Problem details — Retype all of the entries exactly as they appear.

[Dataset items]
┌──

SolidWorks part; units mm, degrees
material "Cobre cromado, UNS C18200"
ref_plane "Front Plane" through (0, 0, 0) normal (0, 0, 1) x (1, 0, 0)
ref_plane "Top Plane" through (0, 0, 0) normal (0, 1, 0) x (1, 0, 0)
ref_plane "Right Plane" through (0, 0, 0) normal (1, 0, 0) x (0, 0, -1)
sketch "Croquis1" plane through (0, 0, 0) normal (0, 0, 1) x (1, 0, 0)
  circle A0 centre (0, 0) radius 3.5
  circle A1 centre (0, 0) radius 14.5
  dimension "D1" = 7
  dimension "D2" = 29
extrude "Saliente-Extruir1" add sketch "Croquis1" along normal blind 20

└──

Exercise result —
SolidWorks part; units mm, degrees
material "Cobre cromado, UNS C18200"
ref_plane "Front Plane" through (0, 0, 0) normal (0, 0, 1) x (1, 0, 0)
ref_plane "Top Plane" through (0, 0, 0) normal (0, 1, 0) x (1, 0, 0)
ref_plane "Right Plane" through (0, 0, 0) normal (1, 0, 0) x (0, 0, -1)
sketch "Croquis1" plane through (0, 0, 0) normal (0, 0, 1) x (1, 0, 0)
  circle A0 centre (0, 0) radius 3.5
  circle A1 centre (0, 0) radius 14.5
  dimension "D1" = 7
  dimension "D2" = 29
extrude "Saliente-Extruir1" add sketch "Croquis1" along normal blind 20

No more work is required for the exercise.